As a concluding thought, Robinson writes that although "Operationally brilliant," the attack on Pearl Harbor "was nonetheless strategically disastrous" for Japan because it would "Never again…have the opportunity to act with such forethought and planning." In other words, Japan would never again be able to "surprise" the criminally "incompetent" United States with another such attack, and therefore it is to be considered as having been "strategically disastrous" by Robinson, who apparently would consider Japan not attacking the exposed U.S. Fleet as a much more successful strategy. Or, to put it into terms which Robinson might be inclined to contend with, it was "strategically disastrous" for Japan to walk into the trap set for it by the Roosevelt administration. "It got itself the short term breathing space it wanted," but "also a war against both Britain and America". The attack was "the result of courage, optimism and (possibly) madness on a massive scale"--the latter of which surely must also hold true for the U.S. "Japan lost", he observes. But then, after all, "it could never really win."

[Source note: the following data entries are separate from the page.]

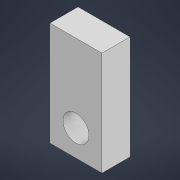
# Autodesk Inventor part: Circle_TestFit_V1
Saved by Autodesk Inventor 2022 (Build 260153000, 153)
## iProperties
Created: 2023-05-10
Part Number: Circle_TestFit_V1
Material: Generic
Document SubType Name: Modeling
Designer: Karl Spiteri
Density: 1 g/cm^3
Appearance: Default
Author: Karl Spiteri
Autodesk Inventor part; units mm, degrees
ref_plane "YZ Plane" through (0, 0, 0) normal (1, 0, 0) x (0, 1, 0)
ref_plane "XZ Plane" through (0, 0, 0) normal (0, 1, 0) x (-1, 0, 0)
ref_plane "XY Plane" through (0, 0, 0) normal (0, 0, 1) x (1, 0, 0)
sketch "Sketch4" plane through (0, 0, 0) normal (0, 0, 1) x (1, 0, 0)
  line L0 (0, 0) -> (-10, 0)
  line L1 (-10, 0) -> (-10, 20)
  line L2 (-10, 20) -> (0, 20)
  line L3 (0, 20) -> (0, 0)
  dimension "d22" = 10
  dimension "d23" = 20
  constraints: 8 end point, 2 parallel, 1 horizontal, 1 perpendicular
  measures "d22" distance of L1.end L2.end
  measures "d23" distance of L0.end L1.end
extrude "Extrusion3" add sketch "Sketch4" along normal blind 5.4
sketch "Sketch5" plane through (0, 0, 5.4) normal (0, 0, 1) x (1, 0, 0)
  point P0 (0, 0)
  point P1 (-5, 5)
hole "Hole3" at (-5, 5, 5.4) direction (0, 0, -1) diameter 5 depth 6
body "Solid3"
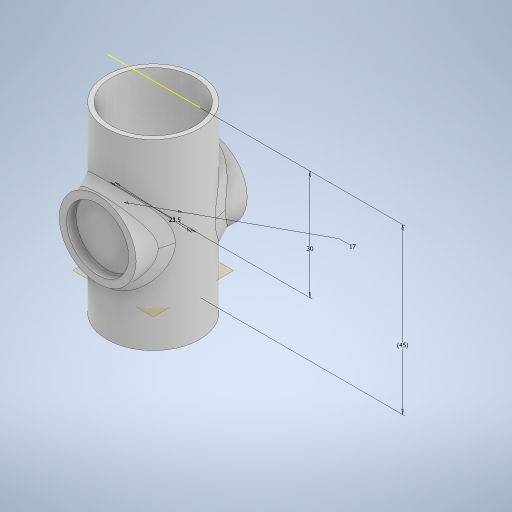
# Autodesk Inventor part: container
Saved by Autodesk Inventor 2024.2 (Build 282272000, 272)
## iProperties
Created: 2024-03-15
Part Number: container
Material: Generic
Document SubType Name: Sheet Metal
Designer: ellix
Density: 1 g/cm^3
Sheet Metal Rule: Default_mm
Appearance: Default
Author: ellix
Autodesk Inventor part; units mm, degrees
ref_plane "YZ Plane" through (0, 0, 0) normal (1, 0, 0) x (0, 1, 0)
ref_plane "XZ Plane" through (0, 0, 0) normal (0, 1, 0) x (-1, 0, 0)
ref_plane "XY Plane" through (0, 0, 0) normal (0, 0, 1) x (1, 0, 0)
sketch "Sketch1" plane through (0, 0, 0) normal (0, 1, 0) x (-1, 0, 0)
  circle A0 centre (0, 0) radius 11.45
  circle A1 centre (0, 0) radius 12.7
  dimension "d0" = 22.9
  dimension "d1" = 25.4
  constraints: 2 centre point, 2 coincident
  measures "d0" diameter of A0
  measures "d1" diameter of A1
extrude "Extrusion1" add sketch "Sketch1" along normal blind 45
sketch "Sketch2" plane through (0, 0, 0) normal (0, 0, 1) x (1, 0, 0)
  line L0 (12.7, 45) -> (-12.7, 45) projected
  line L1 (12.7, 0) -> (-12.7, 0) projected
  circle A0 centre (0, 15) radius 8.5
  circle A1 centre (0, 15) radius 10.5
  circle A2 centre (0, 15) radius 11.75
  point P0 (0, 0)
  point P1 (-1.1573, 60)
  point P2 (1.1573, 60)
  dimension "d4" = 17
  dimension "d5" = 21
  dimension "d10" = 23.5
  dimension "d15" = 30
  dimension "d16" = 45
  constraints: 3 centre point, 2 coincident
  measures "d4" diameter of A0
  measures "d5" diameter of A1
  measures "d10" diameter of A2
  measures "d15" distance from line of A2.centre L0
  measures "d16" distance between parallel lines of L1 L0
extrude "Extrusion2" add sketch "Sketch2" along normal mid plane 30.4 contours A0 | A1
sketch "Sketch3" plane through (0, 0, 0) normal (0, 1, 0) x (-1, 0, 0)
  point P0 (0, 0)
sketch "Sketch6" plane through (0, 0, 0) normal (0, 1, 0) x (-1, 0, 0)
  circle A0 centre (0, 0) radius 11.45 projected
sketch "Sketch7" plane through (0, 0, 0) normal (0, -1, 0) x (1, 0, 0)
  circle A0 centre (0, 0) radius 12.7 projected
  circle A1 centre (0, 0) radius 12.7 projected
  circle A2 centre (0, 0) radius 11.45 projected
sketch "Sketch9" plane through (0, 0, 0) normal (0, 1, 0) x (-1, 0, 0)
  circle A0 centre (0, 0) radius 12.7 projected
  line L0 (0, -12.7) -> (0, -28.75)
  line L1 (10.5, -28.75) -> (-10.5, -28.75) projected
  constraints: 2 end point, 1 midpoint, 1 vertical alignment, 1 other
ref_plane "Work Plane3" through (0, 0, 0) normal (0, 1, 0) x (1, 0, 0)
sketch "Sketch11" plane through (0, 0, 0) normal (0, 1, 0) x (1, 0, 0)
  circle A0 centre (0, 0) radius 11.45 projected
extrude "Extrusion11" cut sketch "Sketch11" along normal blind 85.25
chamfer "Chamfer1" distance 2 angle 45 2 edges at (-10.4996, 15.0897, -7.1448) (-10.4996, 15.0897, 7.1448)
sketch "Sketch12" plane through (0, 15, 15.2) normal (0, 0, 1) x (1, 0, 0)
  circle A0 centre (0, 0) radius 8.5 projected
  point P0 (0, -15)
extrude "Extrusion12" cut sketch "Sketch12" against normal blind 2.5
sketch "Sketch13" plane through (0, 15, -15.2) normal (0, 0, -1) x (-1, 0, 0)
  circle A0 centre (0, 0) radius 8.5 projected
  point P0 (0, -15)
extrude "Extrusion13" cut sketch "Sketch13" against normal blind 2.5
extrude "Extrusion14" add sketch "Sketch7" along normal blind 10
sketch "Sketch14" plane through (0, -10, 0) normal (0, -1, 0) x (1, 0, 0)
  circle A0 centre (0, 0) radius 12.7 projected
extrude "Extrusion15" add sketch "Sketch14" against normal blind 2
sketch "Sketch15" plane through (0, 45, 0) normal (0, 1, 0) x (1, 0, 0)
  circle A0 centre (0, 0) radius 12.7 projected
extrude "Extrusion16" cut sketch "Sketch15" against normal blind 5
equation "\"BendRadius\" = Thickness"
equation "\"BendReliefWidth\" = Thickness"
equation "\"BendReliefDepth\" = 0.5 * Thickness"
equation "\"CornerReliefSize\" = 4 * Thickness"
equation "\"MinimumRemnant\" = 2 * Thickness"
equation "\"TransitionRadius\" = BendRadius"
equation "\"JacobiRadiusSize\" = BendRadius"
equation "\"GapSize\" = Thickness"
equation "\"Thickness\" = 0.5"
body "Solid1"

"So why", he asks, "all the conspiracy theories?" He answers his own hypothetical question, "Maybe because some just cannot accept that on the day, in round one, their boys were beaten by the better team." Japan was the "better team" on that day, one is left to assume, because although it was "possibly" guilty of "madness on a massive scale", unlike the United States it was not "dysfunctional"; nor had it committed the "real crime" of "incompetence on a huge scale".
To his credit, I would like to acknowledge that Robinson recognizes that a crime was indeed committed on December 7, 1941, not only by Japan, but also by the United States government, whose alleged "incompetence" led to the deaths of nearly 3000 souls as a result of the attack on Pearl Harbor on that fateful Day of Infamy.
©2003 Jeremy R. Hammond
The title "Pearl Harbor: An Intelligence Success" was inspired by comments from Michael Rivero at What Really Happened. The McCollum Memo may be found in its entirety at http://www.whatreallyhappened.com/McCollum/.
The article "Pearl Harbor: A Rude Awakening" by Bruce Robinson may be found at http://www.bbc.co.uk/history/war/wwtwo/pearl_harbour_1.shtml. I have also preserved a local copy, in anticipation of my hope that the BBC will remove Bruce Robinson's article from its online history of World War II. In furtherance of this desire, my above response to that article has been sent to the BBC:
To whom it may concern:
The article "Pearl Harbor: A Rude Awakening" by Bruce Robinson, found at the BBC online history of WWII, is one I find particularly insulting to the intelligence to the readers of the BBC History page. I have written a response to this article, which can be found at:
www.yirmeyahureview.com/pearl_harbor.htm
By endorsing this article, the BBC is willingly propagating a lie that has long since been exposed. It is my hope that, out of respect for the truth, you will remove this article from your website.
I would be more than happy to provide a replacement.